# Excel - deleting row that does not match criteria



## kurk011 (May 11, 2007)

Here's my problem:

I have this data for example:

name score 
anne 1
mark  2
mark 1
test 3
test 3
c 2
c 2
d 10


I want to delete all the rows that i do not need and maintain only the one i need...

so if i want mark and c only.. the data should be

name score
mark 2
mark 1
c 2
c 2



Thanks for all those who will help me figure this one out....


----------



## Nikil (Apr 16, 2007)

Hi..
What exactly you need...You want completely remove row from the sheet or you need a formula that show the resuls at some other place in worksheet.
Are you open for VBA solution?


----------



## Zack Barresse (Jul 25, 2004)

Hello there and welcome to the board!

If you do not want to delete your data then use AutoFilter (found on the Data menu in versions 2003 and prior). However, if you want to actually delete your data, you'll do better with a helper column. Add a header to C1, i.e. "TempHeader". In C2 enter...

=OR(ISNUMBER(FIND("mark",A2)),ISNUMBER(FIND("c",A2)))

Now, the FIND() function is case sensitive. If you do not want to worry about case sensitivity change the FIND() function for the SEARCH() function, which is basically the same thing but functions regardless of case sensitivity. This means you would match "Mark" and "mark" as the same thing. The formula above senses a difference.

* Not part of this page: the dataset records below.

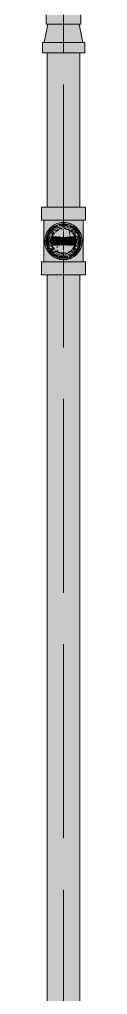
# Model space of a CAD drawing. Header units: millimetres. Extents: x -4000 to 187956, y -58990 to 162485.
# Drawn here: x 54221 to 54279, y 135475 to 136737 of the extents above; entities that cross this region are included whole.
import ezdxf

# ---------------------------------------------------------------- set-up
doc = ezdxf.new("R2010")
doc.units = ezdxf.units.MM
doc.linetypes.add('Dash 1_16_', pattern=[317.5, 158.75, -158.75])
for name, color, linetype, lineweight in [('F-SPRN', 3, 'Continuous', 9), ('P-PIPE', 3, 'Continuous', 9), ('P-PIPE-CNTR', 3, 'Continuous', 9)]:
    doc.layers.add(name, color=color, linetype=linetype, lineweight=lineweight)

# ---------------------------------------------------------------- blocks, each defined once
blk = doc.blocks.new('Sprinkler_Up - DN20-V93-FFS - TANG 1')
at = {"layer": 'F-SPRN', "transparency": 33554534}
for points in [[(13.5, 0), (22.2, 0), (17.5, 13.5), (6.9, 21.2), (-6.9, 21.2), (-18, 13.1), (-22.2, 0), (-3.9, 0.7), (-1.7, 2.9), (-1.2, 3.5), (-0.6, 4), (0.6, 4), (1.2, 3.5), (1.7, 2.9), (4.6, 0)], [(0, -16.7), (4.3, -16.1), (11.8, -11.8), (16.1, -4.3), (16.1, 4.3), (9.9, 13.2), (8.3, 14.4), (0, 16.7), (-4.3, 16.1), (-11.8, 11.8), (-16.1, 4.3), (-16.1, -4.3), (-11.8, -11.8), (-8.3, -14.4)], [(0, -15.6), (7.8, -13.5), (13.5, -7.8), (15.1, -4), (15.1, 4), (13.5, 7.8), (7.8, 13.5), (0, 15.6), (-8.2, 13.2), (-11, 11), (-15.1, 4), (-15.1, -4), (-11, -11), (-7.8, -13.5)], [(0, -21.2), (6.9, -21.2), (18, -13.1), (22.2, 0), (3.9, -0.7), (1.7, -2.9), (1.2, -3.5), (0.6, -4), (-0.6, -4), (-1.2, -3.5), (-1.7, -2.9), (-4.6, 0), (-22.2, 0), (-18, -13.1), (-6.9, -21.2)], [(-10.9, -5.5), (-10.9, 5.4), (-14.5, 5.4), (-14.5, -5.5)], [(-7.7, -5.5), (-7.7, 5.4), (-10.9, 5.4), (-10.9, -5.5)], [(0, -5.5), (0, 5.4), (-7.7, 5.4), (-7.7, -5.5)], [(0, 0), (5.7, 0), (2.9, 4.9), (-2.9, 4.9), (-5.7, 0)], [(2.9, -4.9), (5.7, 0), (-5.7, 0), (-2.9, -4.9)], [(-4.6, 0), (4.6, 0), (0, 4.6)], [(0, -4.6), (4.6, 0), (-4.6, 0)], [(0, -2.6), (1.3, 0), (-1.8, 0)], [(-1.3, 0), (1.8, 0), (0, 2.6)], [(7.7, -5.5), (7.7, 5.4), (0, 5.4), (0, -5.5)], [(10.9, -5.5), (10.9, 5.4), (7.7, 5.4), (7.7, -5.5)], [(14.5, -5.5), (14.5, 5.4), (10.9, 5.4), (10.9, -5.5)]]:
    blk.add_hatch(color=1, dxfattribs=at).paths.add_polyline_path(points)
at = {"layer": 'F-SPRN', "color": 1}
for p, q in [((-11.5, 5.4), (-14.5, 5.4)), ((-14.5, 5.4), (-11.3, 5.4)), ((-14.5, 5.4), (-14.5, 3.7)), ((-14.5, 3.3), (-14.5, 0)), ((-11.5, 5.4), (-11.5, 4)), ((-10.9, 1.9), (-10.9, 3.6)), ((-10.8, 5.4), (-8, 5.4)), ((-8.1, 5.4), (-10.8, 5.4)), ((-8.1, 5.4), (-8.1, 2.8)), ((-8.1, 2.5), (-8.1, 0.7)), ((-7.7, 4.8), (-7.7, 2.7)), ((-7.7, 4.8), (-7.7, 2.7)), ((-7.7, 2.1), (-7.7, 0.5)), ((-7.7, 2.1), (-7.7, 0.5)), ((-6.7, 5.4), (-4.7, 5.4)), ((-5.8, 3.8), (-5.8, 2.2)), ((-2.1, 0), (-2.1, 0)), ((-2.1, 0), (-2.1, -0.1)), ((0, 2.1), (-0.1, 2.1)), ((2.1, 0), (2.1, 0.1)), ((2.1, 0), (2.1, 0)), ((4.7, 5.4), (6.5, 5.4)), ((7.7, 5.4), (10.8, 5.4)), ((7.7, 5.2), (7.7, 2.7)), ((7.7, 5.2), (7.7, 2.7)), ((7.7, 2.3), (7.7, 0.5)), ((7.7, 2.3), (7.7, 0.5)), ((10.8, 5.4), (8.1, 5.4)), ((8.1, 5.4), (8.1, 2.8)), ((8.1, 2.5), (8.1, 0.4)), ((10.9, 5.4), (14.5, 5.4)), ((10.9, 3.6), (10.9, 0.2)), ((14.5, 5.4), (11.5, 5.4)), ((11.5, 5.4), (11.5, 4)), ((11.5, 3), (11.5, 0.2)), ((14.5, 5.4), (14.5, -5.5)), ((-14.5, -1.3), (-14.5, -3.7)), ((-11.1, -5.5), (-14.5, -5.5)), ((-14.5, -5.5), (-11.5, -5.5)), ((-10.9, -2.6), (-10.9, -1.3)), ((-10.8, -5.5), (-8.1, -5.5)), ((-7.8, -5.5), (-10.8, -5.5)), ((-8.1, -4.2), (-8.1, -5.5)), ((-7.7, -2.7), (-7.7, -4)), ((-7.7, -2.7), (-7.7, -4)), ((-7, -5.5), (-5.8, -5.5)), ((-4.8, -5.5), (-7, -5.5)), ((-5.8, -2.3), (-5.8, -3.8)), ((0, -2.1), (0.1, -2.1)), ((7, -5.5), (4.8, -5.5)), ((5.8, -2.2), (5.8, -3.8)), ((5.8, -5.5), (7, -5.5)), ((7.7, -0.5), (7.7, -2.3)), ((7.7, -0.5), (7.7, -2.3)), ((7.7, -2.7), (7.7, -5.4)), ((7.7, -2.7), (7.7, -5.4)), ((10.8, -5.5), (7.7, -5.5)), ((8.1, -0.4), (8.1, -2.5)), ((8.1, -2.8), (8.1, -5.5)), ((8.1, -5.5), (10.8, -5.5)), ((10.9, -0.2), (10.9, -3.6)), ((14.5, -5.5), (10.9, -5.5)), ((11.5, -0.2), (11.5, -3)), ((11.5, -4), (11.5, -5.5)), ((11.5, -5.5), (14.5, -5.5))]:
    blk.add_line(p, q, dxfattribs=at)
at = {"layer": 'F-SPRN', "color": 1, "flags": 128}
for points in [[(-0.6, 2), (-0.7, 2), (-0.8, 1.9), (-0.9, 1.9), (-0.9, 1.9), (-1, 1.8), (-1.1, 1.8), (-1.2, 1.7), (-1.2, 1.7), (-1.3, 1.6), (-1.4, 1.6), (-1.4, 1.5), (-1.5, 1.5), (-1.5, 1.4), (-1.6, 1.3), (-1.6, 1.3), (-1.7, 1.2), (-1.7, 1.1), (-1.8, 1.1), (-1.8, 1), (-1.9, 0.9), (-1.9, 0.8), (-1.9, 0.8), (-2, 0.7), (-2, 0.6), (-2, 0.5), (-2, 0.5), (-2, 0.4), (-2.1, 0.3), (-2.1, 0.2), (-2.1, 0.1), (-2.1, 0)], [(-0.5, 2), (-0.6, 2), (-0.6, 2)], [(-0.1, 2.1), (-0.1, 2.1), (-0.2, 2.1), (-0.3, 2.1), (-0.4, 2), (-0.5, 2)], [(2.1, 0.1), (2.1, 0.2), (2.1, 0.2), (2.1, 0.3), (2, 0.4), (2, 0.5), (2, 0.6), (2, 0.7), (1.9, 0.7), (1.9, 0.8), (1.9, 0.9), (1.8, 1), (1.8, 1), (1.8, 1.1), (1.7, 1.2), (1.7, 1.2), (1.6, 1.3), (1.6, 1.4), (1.5, 1.4), (1.4, 1.5), (1.4, 1.5), (1.3, 1.6), (1.3, 1.7), (1.2, 1.7), (1.1, 1.7), (1.1, 1.8), (1, 1.8), (0.9, 1.9), (0.8, 1.9), (0.8, 1.9), (0.7, 2), (0.6, 2), (0.5, 2), (0.4, 2), (0.4, 2), (0.3, 2.1), (0.2, 2.1), (0.1, 2.1), (0, 2.1)], [(-2.1, -0.1), (-2.1, -0.2), (-2.1, -0.2), (-2.1, -0.3)], [(-2.1, -0.3), (-2, -0.4), (-2, -0.5), (-2, -0.6), (-2, -0.7), (-1.9, -0.7), (-1.9, -0.8), (-1.9, -0.9), (-1.8, -1), (-1.8, -1), (-1.8, -1.1), (-1.7, -1.2), (-1.7, -1.2), (-1.6, -1.3), (-1.6, -1.4), (-1.5, -1.4), (-1.4, -1.5), (-1.4, -1.5), (-1.3, -1.6), (-1.3, -1.7), (-1.2, -1.7), (-1.1, -1.7), (-1.1, -1.8), (-1, -1.8), (-0.9, -1.9), (-0.8, -1.9), (-0.8, -1.9), (-0.7, -2), (-0.6, -2), (-0.5, -2), (-0.4, -2), (-0.4, -2), (-0.3, -2.1), (-0.2, -2.1), (-0.1, -2.1), (0, -2.1)], [(0.1, -2.1), (0.1, -2.1), (0.2, -2.1), (0.3, -2.1), (0.4, -2), (0.5, -2), (0.6, -2), (0.6, -2), (0.7, -2), (0.8, -1.9), (0.9, -1.9), (0.9, -1.9), (1, -1.8), (1.1, -1.8), (1.2, -1.7), (1.2, -1.7), (1.3, -1.6), (1.4, -1.6), (1.4, -1.5), (1.5, -1.5), (1.5, -1.4), (1.6, -1.3), (1.6, -1.3), (1.7, -1.2), (1.7, -1.1), (1.8, -1.1), (1.8, -1), (1.9, -0.9), (1.9, -0.8), (1.9, -0.8), (2, -0.7), (2, -0.6), (2, -0.5), (2, -0.5), (2, -0.4), (2.1, -0.3), (2.1, -0.2), (2.1, -0.1), (2.1, 0)]]:
    blk.add_lwpolyline(points, dxfattribs=at)
at = {"layer": 'F-SPRN', "color": 1}
for radius, start, end in [(22.2, 360, 180), (21.9, 144.7698, 164.8151), (21.9, 142.518, 144), (21.9, 126.6942, 142.518), (21.9, 108.2621, 125.7507), (16.7, 121.4181, 126.9869), (16.7, 121.4181, 126.9869), (16.7, 106.5995, 120), (16.7, 106.5995, 120), (15.6, 120, 121.8808), (15.6, 120, 121.8808), (15.6, 114.4363, 119.9813), (15.6, 114.4363, 119.9813), (21.9, 99.348, 107.901), (16.7, 96.4143, 105), (16.7, 96.4143, 105), (21.9, 90.145, 98.8503), (15.6, 95.5762, 100.6843), (15.6, 95.5762, 100.6843), (16.7, 83.0684, 90), (16.7, 83.0684, 90), (21.9, 72.5583, 89.4624), (15.6, 75.573, 80.5892), (15.6, 75.573, 80.5892), (15.6, 67.5614, 74.5481), (15.6, 67.5614, 74.5481), (16.7, 60, 75), (16.7, 60, 75), (15.6, 60.0187, 65.5637), (15.6, 60.0187, 65.5637), (21.9, 54.2493, 71.7379), (15.6, 58.1192, 60), (15.6, 58.1192, 60), (16.7, 53.0131, 58.5819), (16.7, 53.0131, 58.5819), (21.9, 36.8359, 53.3058), (21.9, 36, 36.8359), (21.9, 15.1849, 35.2302), (21.9, 165.6773, 179.2615), (16.7, 167.6802, 180), (16.7, 167.6802, 180), (16.7, 155.3879, 164.9693), (16.7, 155.3879, 164.9693), (15.6, 166.4265, 180), (15.6, 166.4265, 180), (15.6, 150.9409, 165), (15.6, 159.6139, 165), (16.7, 136.7213, 149.931), (16.7, 136.7213, 149.931), (15.6, 150.9409, 156.3845), (15.6, 138.4214, 150), (15.6, 138.4214, 150), (15.6, 126.205, 133.2078), (15.6, 126.205, 133.2078), (4.63, 155.7832, 180), (4.63, 155.7832, 180), (4.63, 109.0192, 138.2703), (4.63, 109.0192, 138.2703), (2.56, 109.0192, 168.8278), (2.56, 109.0192, 168.8278), (2.04, 109.0192, 180), (4.63, 17.9592, 90), (4.63, 17.9592, 90), (3.81, 57.0577, 90), (2.56, 14.5599, 90), (2.56, 14.5599, 90), (2.04, 10.4703, 90), (3.81, 16.1605, 43.8358), (15.6, 46.7922, 53.795), (15.6, 46.7922, 53.795), (15.6, 30, 41.5786), (15.6, 30, 41.5786), (16.7, 30, 43.2787), (16.7, 30, 43.2787), (15.6, 23.6155, 29.5646), (15.6, 15, 29.5646), (15.6, 15, 20.3861), (16.7, 15, 24.6121), (16.7, 15, 24.6121), (15.6, 360, 13.6618), (15.6, 0, 13.6618), (16.7, 360, 12.3198), (16.7, 0, 12.3198), (21.9, 0.7385, 14.3227), (22.2, 180, 360), (21.9, 180.7385, 194.3227), (21.9, 195.1849, 215.2302), (16.7, 180, 192.3198), (16.7, 180, 192.3198), (16.7, 195.0307, 204.6121), (16.7, 195.0307, 204.6121), (15.6, 181.9082, 193.6618), (15.6, 181.9082, 193.6618), (15.6, 197.3339, 209.5646), (15.6, 197.3339, 209.5646), (16.7, 210.069, 223.2787), (16.7, 210.069, 223.2787), (15.6, 212.5472, 221.5786), (15.6, 212.5472, 221.5786), (15.6, 233.795, 240), (15.6, 233.795, 240), (4.63, 197.9592, 0), (4.63, 197.9592, 360), (3.81, 196.1605, 360), (2.56, 191.1677, 0), (2.56, 191.1677, 360), (2.04, 190.4703, 0), (15.6, 300, 313.2078), (15.6, 300, 313.2078), (15.6, 318.4214, 330), (15.6, 318.4214, 330), (16.7, 316.7213, 330), (16.7, 316.7213, 330), (15.6, 330.4354, 345), (15.6, 330.4354, 336.3845), (15.6, 339.6139, 345), (15.6, 346.3382, 360), (15.6, 346.3382, 360), (16.7, 335.3879, 345), (16.7, 335.3879, 345), (16.7, 347.6802, 360), (16.7, 347.6802, 360), (21.9, 324.7698, 344.8151), (21.9, 345.6773, 359.2615), (21.9, 216.7299, 233.3058), (21.9, 234.2493, 251.7379), (16.7, 229.4249, 238.5819), (16.7, 229.4249, 238.5819), (16.7, 240, 255), (16.7, 240, 255), (15.6, 240.0187, 254.5481), (15.6, 240.0187, 254.5481), (21.9, 252.5583, 269.4624), (15.6, 255, 267.64), (15.6, 255, 267.64), (16.7, 263.0684, 270), (16.7, 263.0684, 270), (21.9, 270.145, 278.8503), (15.6, 275.5762, 280.6843), (15.6, 275.5762, 280.6843), (16.7, 276.4143, 285), (16.7, 276.4143, 285), (21.9, 279.348, 287.901), (16.7, 286.5995, 300), (16.7, 286.5995, 300), (15.6, 294.4363, 299.9813), (15.6, 294.4363, 299.9813), (21.9, 288.2621, 305.7507), (16.7, 301.4181, 310.5751), (16.7, 301.4181, 310.5751), (21.9, 306.6942, 323.1641), (21.9, 323.1641, 324)]:
    blk.add_arc((0, 0), radius, start, end, dxfattribs=at)
blk = doc.blocks.new('Steel_Transition_Threaded_HoaPhat - Standard-V97-FFS - TANG 1')
at = {"layer": 'P-PIPE', "lineweight": 13, "transparency": 33554534}
h = blk.add_hatch(color=1, dxfattribs=at)
h.paths.add_polyline_path([(54250, 136427.6), (54255.8, 136428.4), (54261.3, 136430.6), (54267.5, 136436.2), (54269.5, 136438.8), (54271.7, 136444.3), (54272.5, 136450.1), (54271.7, 136455.9), (54267.5, 136464), (54265.9, 136466), (54261.3, 136469.6), (54255.8, 136471.8), (54250, 136472.6), (54244.2, 136471.8), (54238.8, 136469.6), (54232, 136463.3), (54230.5, 136461.3), (54228.3, 136455.9), (54227.5, 136450.1), (54228.3, 136444.3), (54230.5, 136438.8), (54234.1, 136434.2), (54238.8, 136430.6), (54244.2, 136428.4)])
h.paths.add_polyline_path([(54250, 136430), (54244.8, 136430.7), (54240, 136432.7), (54235.8, 136435.9), (54232.6, 136440), (54230.6, 136444.9), (54229.9, 136450.1), (54230.6, 136455.3), (54235, 136463.3), (54235.8, 136464.3), (54240, 136467.5), (54244.8, 136469.5), (54250, 136470.2), (54255.2, 136469.5), (54260.1, 136467.5), (54265, 136463.3), (54267.5, 136460), (54269.4, 136455.3), (54270.1, 136450.1), (54269.4, 136444.9), (54267.4, 136440), (54264.2, 136435.9), (54260.1, 136432.7), (54255.2, 136430.7)])
for points in [[(54250, 136430), (54250, 136433.7), (54241.8, 136435.9), (54235.8, 136441.9), (54233.6, 136450.1), (54235.8, 136458.3), (54241.8, 136464.3), (54250, 136466.5), (54250, 136470.2), (54244.8, 136469.5), (54240, 136467.5), (54235, 136463.3), (54232.6, 136460.1), (54230.6, 136455.3), (54229.9, 136450.1), (54230.6, 136444.9), (54232.6, 136440), (54235.8, 136435.9), (54240, 136432.7), (54244.8, 136430.7)], [(54250, 136431.6), (54254.8, 136432.2), (54259.3, 136434.1), (54263.1, 136437), (54267.5, 136444.3), (54267.9, 136445.3), (54268.5, 136450.1), (54267.5, 136455.9), (54266, 136459.3), (54262.9, 136463.3), (54259.3, 136466.1), (54254.8, 136468), (54250, 136468.6), (54245.2, 136468), (54240.8, 136466.1), (54236.9, 136463.2), (54234, 136459.3), (54232.1, 136454.9), (54231.5, 136450.1), (54232.1, 136445.3), (54234, 136440.8), (54236.9, 136437), (54240.8, 136434.1), (54245.2, 136432.2)], [(54250, 136430), (54255.2, 136430.7), (54260.1, 136432.7), (54264.2, 136435.9), (54267.5, 136440.2), (54269.4, 136444.9), (54270.1, 136450.1), (54269.4, 136455.3), (54265, 136463.3), (54264.2, 136464.3), (54260.1, 136467.5), (54255.2, 136469.5), (54250, 136470.2), (54250, 136466.5), (54258.2, 136464.3), (54264.2, 136458.3), (54266.4, 136450.1), (54264.2, 136441.9), (54258.2, 136435.9), (54250, 136433.7)]]:
    blk.add_hatch(color=1, dxfattribs=at).paths.add_polyline_path(points)
at = {"layer": 'P-PIPE', "color": 20, "lineweight": 13}
for radius, start, end in [(22.5, 90, 270), (22.5, 90, 270), (20.1, 109.6859, 125.0043), (20.1, 100.9975, 105), (18.5, 91.4353, 103.2046), (18.5, 91.4353, 103.2046), (20.1, 90.5246, 98.5089), (22.5, 270, 90), (22.5, 270, 90), (18.5, 78.0986, 90), (18.5, 78.0986, 90), (20.1, 75.0607, 87.9279), (20.1, 54.9957, 75), (20.1, 150, 162.7449), (18.5, 157.6232, 165), (18.5, 157.6232, 165), (20.1, 139.8677, 148.1553), (18.5, 136.4297, 150), (18.5, 136.4297, 150), (16.4, 158.0319, 163.506), (20.1, 128.8856, 138.6435), (16.4, 143.5463, 150), (18.5, 134.3867, 135), (18.5, 134.3867, 135), (18.5, 123.4976, 133.2041), (18.5, 123.4976, 133.2041), (18.5, 106.819, 120), (18.5, 106.819, 120), (16.4, 115.1607, 120), (16.4, 107.4657, 111.9681), (16.4, 96.2132, 104.6042), (18.5, 60, 75), (18.5, 60, 75), (16.4, 66.9681, 72.9388), (18.5, 46.7959, 56.5024), (18.5, 46.7959, 56.5024), (20.1, 41.3565, 51.1144), (18.5, 45, 45.6133), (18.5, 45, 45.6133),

Once you have that formula in, select the cell again (C2), place your cursor over the bottom right corner (you should see the cursor turn into the bold *+* sign) and double-click. The formula will autofill down until it meets a blank in the column directly to the left (column B). Then filter column C for FALSE. When you see that, select all of the FALSE cells, press Shift + Spacebar (selects the entire row of the selected cells), right click any selected row header (the left-most row area, left of column A) and click Delete Row. Then unfilter your data (keyboard shortcut Alt + D, F, F).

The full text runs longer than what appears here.